* _About this exercise_
After finding the line with "ceiling adiabatic (EU_roof_Construction): 15.93,15.69" in the entries below, retype exactly each line from there through the line with "wall adiabatic (EU_wall_Construction): 4.78,16.4", including that final line.

BEGIN

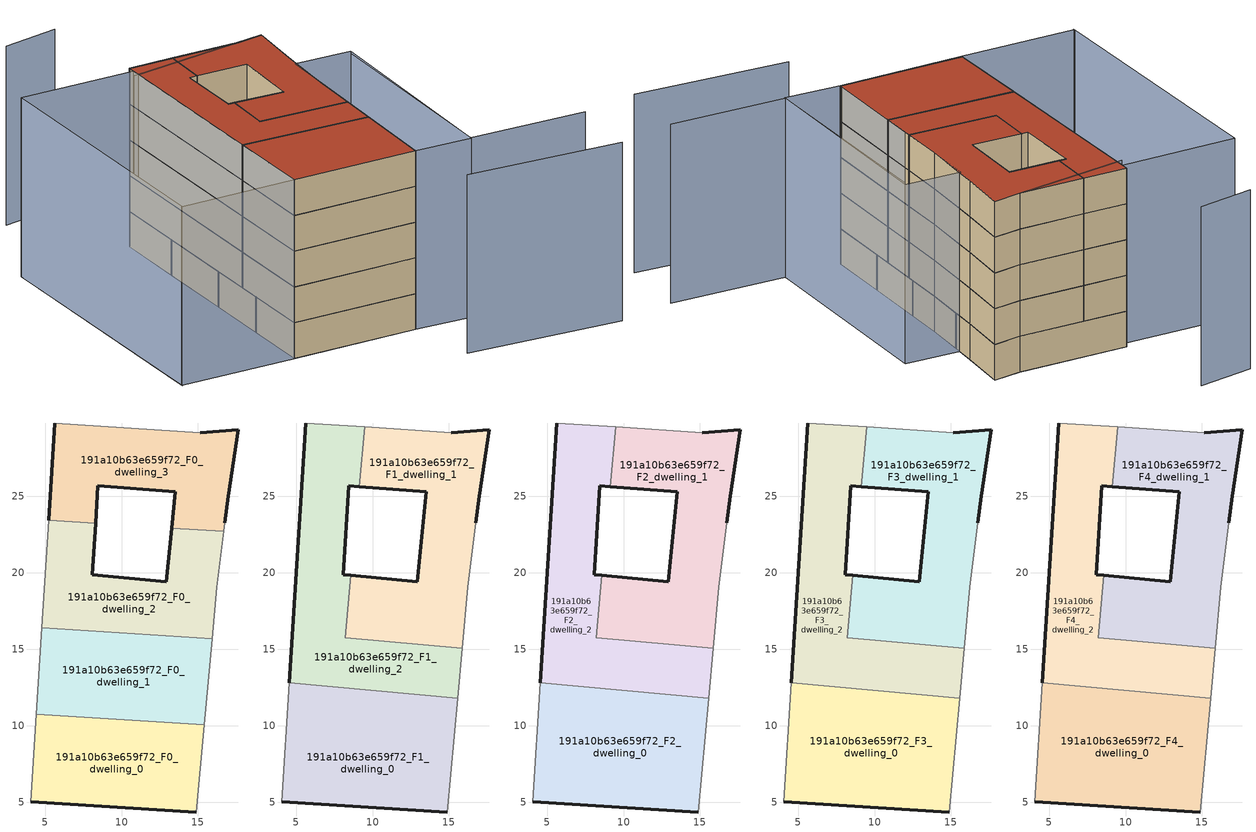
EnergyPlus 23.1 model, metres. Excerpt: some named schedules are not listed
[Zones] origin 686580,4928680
191a10b63e659f72_F0_dwelling_0
 floor ground (EU_floor_Construction): 14.9,4.36 15.42,10.05 4.42,10.75 4.05,5.01 z0
 wall outside (EU_wall_Construction): 14.9,4.36 4.05,5.01 z0:3
 wall adiabatic (EU_wall_Construction): 15.42,10.05 14.9,4.36 / 4.05,5.01 4.42,10.75 z0:3
 wall to 191a10b63e659f72_F0_dwelling_1 (EU_wall_Construction): 4.42,10.75 15.42,10.05 z0:3
191a10b63e659f72_F0_dwelling_1
 floor ground (EU_floor_Construction): 15.42,10.05 15.93,15.69 4.78,16.4 4.42,10.75 z0
 wall to 191a10b63e659f72_F0_dwelling_2 (EU_wall_Construction): 4.78,16.4 15.93,15.69 z0:3
 wall adiabatic (EU_wall_Construction): 15.93,15.69 15.42,10.05 / 4.42,10.75 4.78,16.4 z0:3
 ceiling adiabatic (EU_roof_Construction): 15.93,15.69 15.42,10.05 15.58,11.79 4.55,12.8 4.78,16.4 z3
191a10b63e659f72_F0_dwelling_2
 floor ground (EU_floor_Construction): 15.93,15.69 16.24,19.07 16.69,22.71 13.27,22.93 12.93,19.41 8.09,19.88 8.3,23.25 5.23,23.44 4.78,16.4 z0
 wall outside (EU_wall_Construction): 8.3,23.25 8.09,19.88 12.93,19.41 13.27,22.93 z0:3
 wall adiabatic (EU_wall_Construction): 4.78,16.4 5.23,23.44 / 16.69,22.71 16.24,19.07 15.93,15.69 z0:3
 wall to 191a10b63e659f72_F0_dwelling_3 (EU_wall_Construction): 5.23,23.44 8.3,23.25 / 13.27,22.93 16.69,22.71 z0:3
191a10b63e659f72_F0_dwelling_3
 floor ground (EU_floor_Construction): 16.69,22.71 16.76,23.28 16.98,25.01 17.64,29.37 15.14,29.16 5.63,29.8 5.23,23.44 8.3,23.25 8.45,25.69 13.5,25.29 13.27,22.93 z0
 wall outside (EU_wall_Construction): 13.27,22.93 13.5,25.29 8.45,25.69 8.3,23.25 / 5.23,23.44 5.63,29.8 / 15.14,29.16 17.64,29.37 16.98,25.01 16.76,23.28 z0:3
 wall adiabatic (EU_wall_Construction): 16.76,23.28 16.69,22.71 / 5.63,29.8 15.14,29.16 z0:3
191a10b63e659f72_F1_dwelling_0
 floor to 191a10b63e659f72_F0_dwelling_0 (EU_floor_Construction): 14.9,4.36 15.42,10.05 4.42,10.75 4.05,5.01 z3
 floor to 191a10b63e659f72_F0_dwelling_1 (EU_floor_Construction): 15.42,10.05 15.58,11.79 4.55,12.8 4.42,10.75 z3
 wall outside (EU_wall_Construction): 14.9,4.36 4.05,5.01 z3:6
 wall adiabatic (EU_wall_Construction): 4.05,5.01 4.55,12.8 / 15.58,11.79 14.9,4.36 z3:6
 wall to 191a10b63e659f72_F1_dwelling_2 (EU_wall_Construction): 4.55,12.8 15.58,11.79 z3:6
191a10b63e659f72_F1_dwelling_1
 floor to 191a10b63e659f72_F0_dwelling_3 (EU_floor_Construction): 16.69,22.71 16.76,23.28 16.98,25.01 17.64,29.37 15.14,29.16 9.48,29.54 9.12,25.64 13.5,25.29 13.27,22.93 z3
 floor to 191a10b63e659f72_F0_dwelling_2 (EU_floor_Construction): 15.93,15.69 16.24,19.07 16.69,22.71 13.27,22.93 12.93,19.41 8.59,19.84 8.25,16.18 z3
 floor adiabatic (EU_floor_Construction): 15.88,15.06 15.93,15.69 8.25,16.18 8.21,15.77 z3
 wall outside (EU_wall_Construction): 8.59,19.84 12.93,19.41 13.5,25.29 9.12,25.64 / 15.14,29.16 17.64,29.37 16.98,25.01 16.76,23.28 z3:6
 wall adiabatic (EU_wall_Construction): 16.76,23.28 16.24,19.07 15.88,15.06 / 9.48,29.54 15.14,29.16 z3:6
 wall to 191a10b63e659f72_F1_dwelling_2 (EU_wall_Construction): 9.12,25.64 9.48,29.54 / 15.88,15.06 8.21,15.77 8.59,19.84 z3:6
191a10b63e659f72_F1_dwelling_2
 floor adiabatic (EU_floor_Construction): 15.58,11.79 15.88,15.06 8.21,15.77 8.25,16.18 4.78,16.4 4.55,12.8 z3
 floor to 191a10b63e659f72_F0_dwelling_3 (EU_floor_Construction): 8.3,23.25 8.45,25.69 9.12,25.64 9.48,29.54 5.63,29.8 5.23,23.44 z3
 floor to 191a10b63e659f72_F0_dwelling_2 (EU_floor_Construction): 8.25,16.18 8.59,19.84 8.09,19.88 8.3,23.25 5.23,23.44 4.78,16.4 z3
 wall outside (EU_wall_Construction): 4.55,12.8 5.63,29.8 / 9.12,25.64 8.45,25.69 8.09,19.88 8.59,19.84 z3:6
 wall adiabatic (EU_wall_Construction): 15.88,15.06 15.58,11.79 / 5.63,29.8 9.48,29.54 z3:6
191a10b63e659f72_F2_dwelling_0
 floor to 191a10b63e659f72_F1_dwelling_0 (EU_floor_Construction): 14.9,4.36 15.58,11.79 4.55,12.8 4.05,5.01 z6
 wall outside (EU_wall_Construction): 14.9,4.36 4.05,5.01 z6:9
 wall adiabatic (EU_wall_Construction): 4.05,5.01 4.55,12.8 / 15.58,11.79 14.9,4.36 z6:9
 wall to 191a10b63e659f72_F2_dwelling_2 (EU_wall_Construction): 4.55,12.8 15.58,11.79 z6:9
191a10b63e659f72_F2_dwelling_1
 floor to 191a10b63e659f72_F1_dwelling_1 (EU_floor_Construction): 15.88,15.06 16.24,19.07 16.76,23.28 16.98,25.01 17.64,29.37 15.14,29.16 9.48,29.54 9.12,25.64 13.5,25.29 12.93,19.41 8.59,19.84 8.21,15.77 z6
 wall outside (EU_wall_Construction): 8.59,19.84 12.93,19.41 13.5,25.29 9.12,25.64 / 15.14,29.16 17.64,29.37 16.98,25.01 16.76,23.28 z6:9
 wall adiabatic (EU_wall_Construction): 16.76,23.28 16.24,19.07 15.88,15.06 / 9.48,29.54 15.14,29.16 z6:9
 wall to 191a10b63e659f72_F2_dwelling_2 (EU_wall_Construction): 9.12,25.64 9.48,29.54 / 15.88,15.06 8.21,15.77 8.59,19.84 z6:9
191a10b63e659f72_F2_dwelling_2
 floor to 191a10b63e659f72_F1_dwelling_2 (EU_floor_Construction): 15.58,11.79 15.88,15.06 8.21,15.77 8.59,19.84 8.09,19.88 8.45,25.69 9.12,25.64 9.48,29.54 5.63,29.8 4.55,12.8 z6
 wall outside (EU_wall_Construction): 4.55,12.8 5.63,29.8 / 9.12,25.64 8.45,25.69 8.09,19.88 8.59,19.84 z6:9
 wall adiabatic (EU_wall_Construction): 15.88,15.06 15.58,11.79 / 5.63,29.8 9.48,29.54 z6:9
191a10b63e659f72_F3_dwelling_0
 floor to 191a10b63e659f72_F2_dwelling_0 (EU_floor_Construction): 14.9,4.36 15.58,11.79 4.55,12.8 4.05,5.01 z9
 wall outside (EU_wall_Construction): 14.9,4.36 4.05,5.01 z9:12
 wall adiabatic (EU_wall_Construction): 4.05,5.01 4.55,12.8 / 15.58,11.79 14.9,4.36 z9:12
 wall to 191a10b63e659f72_F3_dwelling_2 (EU_wall_Construction): 4.55,12.8 15.58,11.79 z9:12
191a10b63e659f72_F3_dwelling_1
 floor to 191a10b63e659f72_F2_dwelling_1 (EU_floor_Construction): 15.88,15.06 16.24,19.07 16.76,23.28 16.98,25.01 17.64,29.37 15.14,29.16 9.48,29.54 9.12,25.64 13.5,25.29 12.93,19.41 8.59,19.84 8.21,15.77 z9
 wall outside (EU_wall_Construction): 8.59,19.84 12.93,19.41 13.5,25.29 9.12,25.64 / 15.14,29.16 17.64,29.37 16.98,25.01 16.76,23.28 z9:12
 wall adiabatic (EU_wall_Construction): 16.76,23.28 16.24,19.07 15.88,15.06 / 9.48,29.54 15.14,29.16 z9:12
 wall to 191a10b63e659f72_F3_dwelling_2 (EU_wall_Construction): 9.12,25.64 9.48,29.54 / 15.88,15.06 8.21,15.77 8.59,19.84 z9:12
191a10b63e659f72_F3_dwelling_2
 floor to 191a10b63e659f72_F2_dwelling_2 (EU_floor_Construction): 15.58,11.79 15.88,15.06 8.21,15.77 8.59,19.84 8.09,19.88 8.45,25.69 9.12,25.64 9.48,29.54 5.63,29.8 4.55,12.8 z9
 wall outside (EU_wall_Construction): 4.55,12.8 5.63,29.8 / 9.12,25.64 8.45,25.69 8.09,19.88 8.59,19.84 z9:12
 wall adiabatic (EU_wall_Construction): 15.88,15.06 15.58,11.79 / 5.63,29.8 9.48,29.54 z9:12
191a10b63e659f72_F4_dwelling_0
 floor to 191a10b63e659f72_F3_dwelling_0 (EU_floor_Construction): 14.9,4.36 15.58,11.79 4.55,12.8 4.05,5.01 z12
 wall outside (EU_wall_Construction): 14.9,4.36 4.05,5.01 z12:15
 wall adiabatic (EU_wall_Construction): 4.05,5.01 4.55,12.8 / 15.58,11.79 14.9,4.36 z12:15
 wall to 191a10b63e659f72_F4_dwelling_2 (EU_wall_Construction): 4.55,12.8 15.58,11.79 z12:15
 roof outside (EU_roof_Construction): 15.58,11.79 14.9,4.36 4.05,5.01 4.55,12.8 z15
191a10b63e659f72_F4_dwelling_1
 floor to 191a10b63e659f72_F3_dwelling_1 (EU_floor_Construction): 15.88,15.06 16.24,19.07 16.76,23.28 16.98,25.01 17.64,29.37 15.14,29.16 9.48,29.54 9.12,25.64 13.5,25.29 12.93,19.41 8.59,19.84 8.21,15.77 z12
 wall outside (EU_wall_Construction): 8.59,19.84 12.93,19.41 13.5,25.29 9.12,25.64 / 15.14,29.16 17.64,29.37 16.98,25.01 16.76,23.28 z12:15
 wall adiabatic (EU_wall_Construction): 16.76,23.28 16.24,19.07 15.88,15.06 / 9.48,29.54 15.14,29.16 z12:15
 wall to 191a10b63e659f72_F4_dwelling_2 (EU_wall_Construction): 9.12,25.64 9.48,29.54 / 15.88,15.06 8.21,15.77 8.59,19.84 z12:15
 roof outside (EU_roof_Construction): 17.64,29.37 16.98,25.01 16.76,23.28 16.24,19.07 15.88,15.06 8.21,15.77 8.59,19.84 12.93,19.41 13.5,25.29 9.12,25.64 9.48,29.54 15.14,29.16 z15
191a10b63e659f72_F4_dwelling_2
 floor to 191a10b63e659f72_F3_dwelling_2 (EU_floor_Construction): 15.58,11.79 15.88,15.06 8.21,15.77 8.59,19.84 8.09,19.88 8.45,25.69 9.12,25.64 9.48,29.54 5.63,29.8 4.55,12.8 z12
 wall outside (EU_wall_Construction): 4.55,12.8 5.63,29.8 / 9.12,25.64 8.45,25.69 8.09,19.88 8.59,19.84 z12:15
 wall adiabatic (EU_wall_Construction): 15.88,15.06 15.58,11.79 / 5.63,29.8 9.48,29.54 z12:15
 roof outside (EU_roof_Construction): 9.48,29.54 9.12,25.64 8.45,25.69 8.09,19.88 8.59,19.84 8.21,15.77 15.88,15.06 15.58,11.79 4.55,12.8 5.63,29.8 z15
shading: 15.61,-1.66 28.94,-3.22 / 29.88,3.16 19.78,4 / 19.78,4 21.31,22.5 / -4.41,29.59 -5.95,5.61 / 15.14,29.16 5.14,28.36 / 5.1,39.12 0.18,38.58 / 14.9,4.36 16.63,23.3 / 16.63,23.3 21.5,22.85 / 21.5,22.85 19.77,3.91 / 19.77,3.91 14.9,4.36 / 5.59,29.14 4.05,4.98 / 4.05,4.98 -5.95,5.62 / -5.95,5.62 -4.41,29.78 / -4.41,29.78 5.59,29.14 z0:15
[Building]
EU S2 Campaign: North Axis=0; Terrain=City; Solar Distribution=FullExterior
[Site:Location]
Bologna: Latitude=44.5; Longitude=11.25; Time Zone=1; Elevation=37
[SizingPeriod:WeatherFileDays]
AnnualSizingPeriod: Begin Month=1; Begin Day of Month=1; End Month=12; End Day of Month=31; Day of Week for Start Day=Monday; Use Weather File Daylight Saving Period=No; Use Weather File Rain and Snow Indicators=No
[MATERIAL]
EU_InternalMass_Material: Roughness=MediumRough; Thickness=0.1; Conductivity=1; Density=1800; Specific Heat=900; Thermal Absorptance=0.9; Solar Absorptance=0.7; Visible Absorptance=0.7
[MATERIAL:NOMASS] Roughness=MediumRough; Thermal Absorptance=0.9; Solar Absorptance=0.7; Visible Absorptance=0.7
Name | Thermal Resistance
EU_wall_NoMass | 0.905828
EU_roof_NoMass | 0.37593
EU_floor_NoMass | 0.67114
[CONSTRUCTION]
EU_wall_Construction: EU_wall_NoMass
EU_roof_Construction: EU_roof_NoMass
EU_floor_Construction: EU_floor_NoMass
EU_InternalMass_Construction: EU_InternalMass_Material
[ZONE] Type=1; Multiplier=1; Ceiling Height=autocalculate; Floor Area=autocalculate; Part of Total Floor Area=Yes
Name | Volume
191a10b63e659f72_F0_dwelling_0 | 188.352
191a10b63e659f72_F1_dwelling_0; 191a10b63e659f72_F2_dwelling_0; 191a10b63e659f72_F3_dwelling_0; 191a10b63e659f72_F4_dwelling_0 | 251.148
191a10b63e659f72_F0_dwelling_1 | 188.355
191a10b63e659f72_F1_dwelling_1; 191a10b63e659f72_F2_dwelling_1; 191a10b63e659f72_F3_dwelling_1; 191a10b63e659f72_F4_dwelling_1; 191a10b63e659f72_F1_dwelling_2; 191a10b63e659f72_F2_dwelling_2; 191a10b63e659f72_F3_dwelling_2; 191a10b63e659f72_F4_dwelling_2 | 251.136
191a10b63e659f72_F0_dwelling_2 | 188.358
191a10b63e659f72_F0_dwelling_3 | 188.361
[INTERNALMASS] Construction=EU_InternalMass_Construction
Name | Zone or ZoneList | Surface Area
191a10b63e659f72_F0_dwelling_0_EU_InternalMass | 191a10b63e659f72_F0_dwelling_0 | 62.7843
191a10b63e659f72_F0_dwelling_1_EU_InternalMass | 191a10b63e659f72_F0_dwelling_1 | 62.7855
191a10b63e659f72_F0_dwelling_2_EU_InternalMass | 191a10b63e659f72_F0_dwelling_2 | 62.7859
191a10b63e659f72_F0_dwelling_3_EU_InternalMass | 191a10b63e659f72_F0_dwelling_3 | 62.7861
191a10b63e659f72_F1_dwelling_0_EU_InternalMass | 191a10b63e659f72_F1_dwelling_0 | 83.7166
191a10b63e659f72_F1_dwelling_1_EU_InternalMass | 191a10b63e659f72_F1_dwelling_1 | 83.7125
191a10b63e659f72_F1_dwelling_2_EU_InternalMass | 191a10b63e659f72_F1_dwelling_2 | 83.7114
191a10b63e659f72_F2_dwelling_0_EU_InternalMass | 191a10b63e659f72_F2_dwelling_0 | 83.7166
191a10b63e659f72_F2_dwelling_1_EU_InternalMass | 191a10b63e659f72_F2_dwelling_1 | 83.7125
191a10b63e659f72_F2_dwelling_2_EU_InternalMass | 191a10b63e659f72_F2_dwelling_2 | 83.7114
191a10b63e659f72_F3_dwelling_0_EU_InternalMass | 191a10b63e659f72_F3_dwelling_0 | 83.7166
191a10b63e659f72_F3_dwelling_1_EU_InternalMass | 191a10b63e659f72_F3_dwelling_1 | 83.7125
191a10b63e659f72_F3_dwelling_2_EU_InternalMass | 191a10b63e659f72_F3_dwelling_2 | 83.7114
191a10b63e659f72_F4_dwelling_0_EU_InternalMass | 191a10b63e659f72_F4_dwelling_0 | 83.7166
191a10b63e659f72_F4_dwelling_1_EU_InternalMass | 191a10b63e659f72_F4_dwelling_1 | 83.7125
191a10b63e659f72_F4_dwelling_2_EU_InternalMass | 191a10b63e659f72_F4_dwelling_2 | 83.7114
[OTHEREQUIPMENT] Fuel Type=Electricity; Design Level Calculation Method=Watts/Area; Power per Zone Floor Area=1; Fraction Latent=0; Fraction Radiant=0; Fraction Lost=0; Carbon Dioxide Generation Rate=0; EndUse Subcategory=EU_Step8_InternalGains
Name | Zone or ZoneList or Space or SpaceList | Schedule
EU_Step8_InternalGain_191a10b63e659f72_F0_dwelling_0_f000 | 191a10b63e659f72_F0_dwelling_0 | EU_Step8_GainSchedule_191a10b63e659f72_F0_dwelling_0_f000
EU_Step8_InternalGain_191a10b63e659f72_F0_dwelling_1_f000 | 191a10b63e659f72_F0_dwelling_1 | EU_Step8_GainSchedule_191a10b63e659f72_F0_dwelling_1_f000
EU_Step8_InternalGain_191a10b63e659f72_F0_dwelling_2_f000 | 191a10b63e659f72_F0_dwelling_2 | EU_Step8_GainSchedule_191a10b63e659f72_F0_dwelling_2_f000
EU_Step8_InternalGain_191a10b63e659f72_F0_dwelling_3_f000 | 191a10b63e659f72_F0_dwelling_3 | EU_Step8_GainSchedule_191a10b63e659f72_F0_dwelling_3_f000
EU_Step8_InternalGain_191a10b63e659f72_F1_dwelling_0_f000 | 191a10b63e659f72_F1_dwelling_0 | EU_Step8_GainSchedule_191a10b63e659f72_F1_dwelling_0_f000
EU_Step8_InternalGain_191a10b63e659f72_F1_dwelling_1_f000 | 191a10b63e659f72_F1_dwelling_1 | EU_Step8_GainSchedule_191a10b63e659f72_F1_dwelling_1_f000
EU_Step8_InternalGain_191a10b63e659f72_F1_dwelling_2_f000 | 191a10b63e659f72_F1_dwelling_2 | EU_Step8_GainSchedule_191a10b63e659f72_F1_dwelling_2_f000
EU_Step8_InternalGain_191a10b63e659f72_F2_dwelling_0_f000 | 191a10b63e659f72_F2_dwelling_0 | EU_Step8_GainSchedule_191a10b63e659f72_F2_dwelling_0_f000
EU_Step8_InternalGain_191a10b63e659f72_F2_dwelling_1_f000 | 191a10b63e659f72_F2_dwelling_1 | EU_Step8_GainSchedule_191a10b63e659f72_F2_dwelling_1_f000
EU_Step8_InternalGain_191a10b63e659f72_F2_dwelling_2_f000 | 191a10b63e659f72_F2_dwelling_2 | EU_Step8_GainSchedule_191a10b63e659f72_F2_dwelling_2_f000
EU_Step8_InternalGain_191a10b63e659f72_F3_dwelling_0_f000 | 191a10b63e659f72_F3_dwelling_0 | EU_Step8_GainSchedule_191a10b63e659f72_F3_dwelling_0_f000
EU_Step8_InternalGain_191a10b63e659f72_F3_dwelling_1_f000 | 191a10b63e659f72_F3_dwelling_1 | EU_Step8_GainSchedule_191a10b63e659f72_F3_dwelling_1_f000
EU_Step8_InternalGain_191a10b63e659f72_F3_dwelling_2_f000 | 191a10b63e659f72_F3_dwelling_2 | EU_Step8_GainSchedule_191a10b63e659f72_F3_dwelling_2_f000
EU_Step8_InternalGain_191a10b63e659f72_F4_dwelling_0_f000 | 191a10b63e659f72_F4_dwelling_0 | EU_Step8_GainSchedule_191a10b63e659f72_F4_dwelling_0_f000
EU_Step8_InternalGain_191a10b63e659f72_F4_dwelling_1_f000 | 191a10b63e659f72_F4_dwelling_1 | EU_Step8_GainSchedule_191a10b63e659f72_F4_dwelling_1_f000
EU_Step8_InternalGain_191a10b63e659f72_F4_dwelling_2_f000 | 191a10b63e659f72_F4_dwelling_2 | EU_Step8_GainSchedule_191a10b63e659f72_F4_dwelling_2_f000
[ZONEVENTILATION:DESIGNFLOWRATE] Schedule=EU_AlwaysOn; Design Flow Rate Calculation Method=AirChanges/Hour; Air Changes per Hour=0.73129; Ventilation Type=Natural; Fan Pressure Rise=0; Fan Total Efficiency=1; Constant Term Coefficient=1; Temperature Term Coefficient=0; Velocity Term Coefficient=0; Velocity Squared Term Coefficient=0; Minimum Indoor Temperature=-100; Maximum Indoor Temperature=100; Delta Temperature=-100; Minimum Outdoor Temperature=-100; Maximum Outdoor Temperature=100; Maximum Wind Speed=40
Name | Zone or ZoneList or Space or SpaceList
EU_ConstantAir_191a10b63e659f72_F0_dwelling_0 | 191a10b63e659f72_F0_dwelling_0
EU_ConstantAir_191a10b63e659f72_F0_dwelling_1 | 191a10b63e659f72_F0_dwelling_1
EU_ConstantAir_191a10b63e659f72_F0_dwelling_2 | 191a10b63e659f72_F0_dwelling_2
EU_ConstantAir_191a10b63e659f72_F0_dwelling_3 | 191a10b63e659f72_F0_dwelling_3
EU_ConstantAir_191a10b63e659f72_F1_dwelling_0 | 191a10b63e659f72_F1_dwelling_0
EU_ConstantAir_191a10b63e659f72_F1_dwelling_1 | 191a10b63e659f72_F1_dwelling_1
EU_ConstantAir_191a10b63e659f72_F1_dwelling_2 | 191a10b63e659f72_F1_dwelling_2
EU_ConstantAir_191a10b63e659f72_F2_dwelling_0 | 191a10b63e659f72_F2_dwelling_0
EU_ConstantAir_191a10b63e659f72_F2_dwelling_1 | 191a10b63e659f72_F2_dwelling_1
EU_ConstantAir_191a10b63e659f72_F2_dwelling_2 | 191a10b63e659f72_F2_dwelling_2
EU_ConstantAir_191a10b63e659f72_F3_dwelling_0 | 191a10b63e659f72_F3_dwelling_0
EU_ConstantAir_191a10b63e659f72_F3_dwelling_1 | 191a10b63e659f72_F3_dwelling_1
EU_ConstantAir_191a10b63e659f72_F3_dwelling_2 | 191a10b63e659f72_F3_dwelling_2
EU_ConstantAir_191a10b63e659f72_F4_dwelling_0 | 191a10b63e659f72_F4_dwelling_0
EU_ConstantAir_191a10b63e659f72_F4_dwelling_1 | 191a10b63e659f72_F4_dwelling_1
EU_ConstantAir_191a10b63e659f72_F4_dwelling_2 | 191a10b63e659f72_F4_dwelling_2
[HVACTEMPLATE:THERMOSTAT] Constant Heating Setpoint=20; Constant Cooling Setpoint=50
EU_HeatOnly_191a10b63e659f72_F0_dwelling_0; EU_HeatOnly_191a10b63e659f72_F0_dwelling_1; EU_HeatOnly_191a10b63e659f72_F0_dwelling_2; EU_HeatOnly_191a10b63e659f72_F0_dwelling_3; EU_HeatOnly_191a10b63e659f72_F1_dwelling_0; EU_HeatOnly_191a10b63e659f72_F1_dwelling_1; EU_HeatOnly_191a10b63e659f72_F1_dwelling_2; EU_HeatOnly_191a10b63e659f72_F2_dwelling_0; EU_HeatOnly_191a10b63e659f72_F2_dwelling_1; EU_HeatOnly_191a10b63e659f72_F2_dwelling_2; EU_HeatOnly_191a10b63e659f72_F3_dwelling_0; EU_HeatOnly_191a10b63e659f72_F3_dwelling_1; EU_HeatOnly_191a10b63e659f72_F3_dwelling_2; EU_HeatOnly_191a10b63e659f72_F4_dwelling_0; EU_HeatOnly_191a10b63e659f72_F4_dwelling_1; EU_HeatOnly_191a10b63e659f72_F4_dwelling_2
[HVACTEMPLATE:ZONE:IDEALLOADSAIRSYSTEM]
191a10b63e659f72_F0_dwelling_0: Template Thermostat=EU_HeatOnly_191a10b63e659f72_F0_dwelling_0; System Availability Schedule=EU_AlwaysOn; Maximum Heating Supply Air Temperature=50; Minimum Cooling Supply Air Temperature=13; Maximum Heating Supply Air Humidity Ratio=0.0156; Minimum Cooling Supply Air Humidity Ratio=0.0077; Heating Limit=NoLimit; Cooling Limit=NoLimit; Heating Availability Schedule=EU_AlwaysOn; Cooling Availability Schedule=EU_CoolingOff; Dehumidification Control Type=ConstantSensibleHeatRatio; Cooling Sensible Heat Ratio=0.7; Dehumidification Setpoint=60; Humidification Control Type=None; Humidification Setpoint=30; Outdoor Air Method=None; Outdoor Air Flow Rate per Person=0.00944; Outdoor Air Flow Rate per Zone Floor Area=0; Outdoor Air Flow Rate per Zone=0; Demand Controlled Ventilation Type=None; Outdoor Air Economizer Type=NoEconomizer; Heat Recovery Type=None; Sensible Heat Recovery Effectiveness=0.7; Latent Heat Recovery Effectiveness=0.65

END

* _Expected output_
 ceiling adiabatic (EU_roof_Construction): 15.93,15.69 15.42,10.05 15.58,11.79 4.55,12.8 4.78,16.4 z3
191a10b63e659f72_F0_dwelling_2
 floor ground (EU_floor_Construction): 15.93,15.69 16.24,19.07 16.69,22.71 13.27,22.93 12.93,19.41 8.09,19.88 8.3,23.25 5.23,23.44 4.78,16.4 z0
 wall outside (EU_wall_Construction): 8.3,23.25 8.09,19.88 12.93,19.41 13.27,22.93 z0:3
 wall adiabatic (EU_wall_Construction): 4.78,16.4 5.23,23.44 / 16.69,22.71 16.24,19.07 15.93,15.69 z0:3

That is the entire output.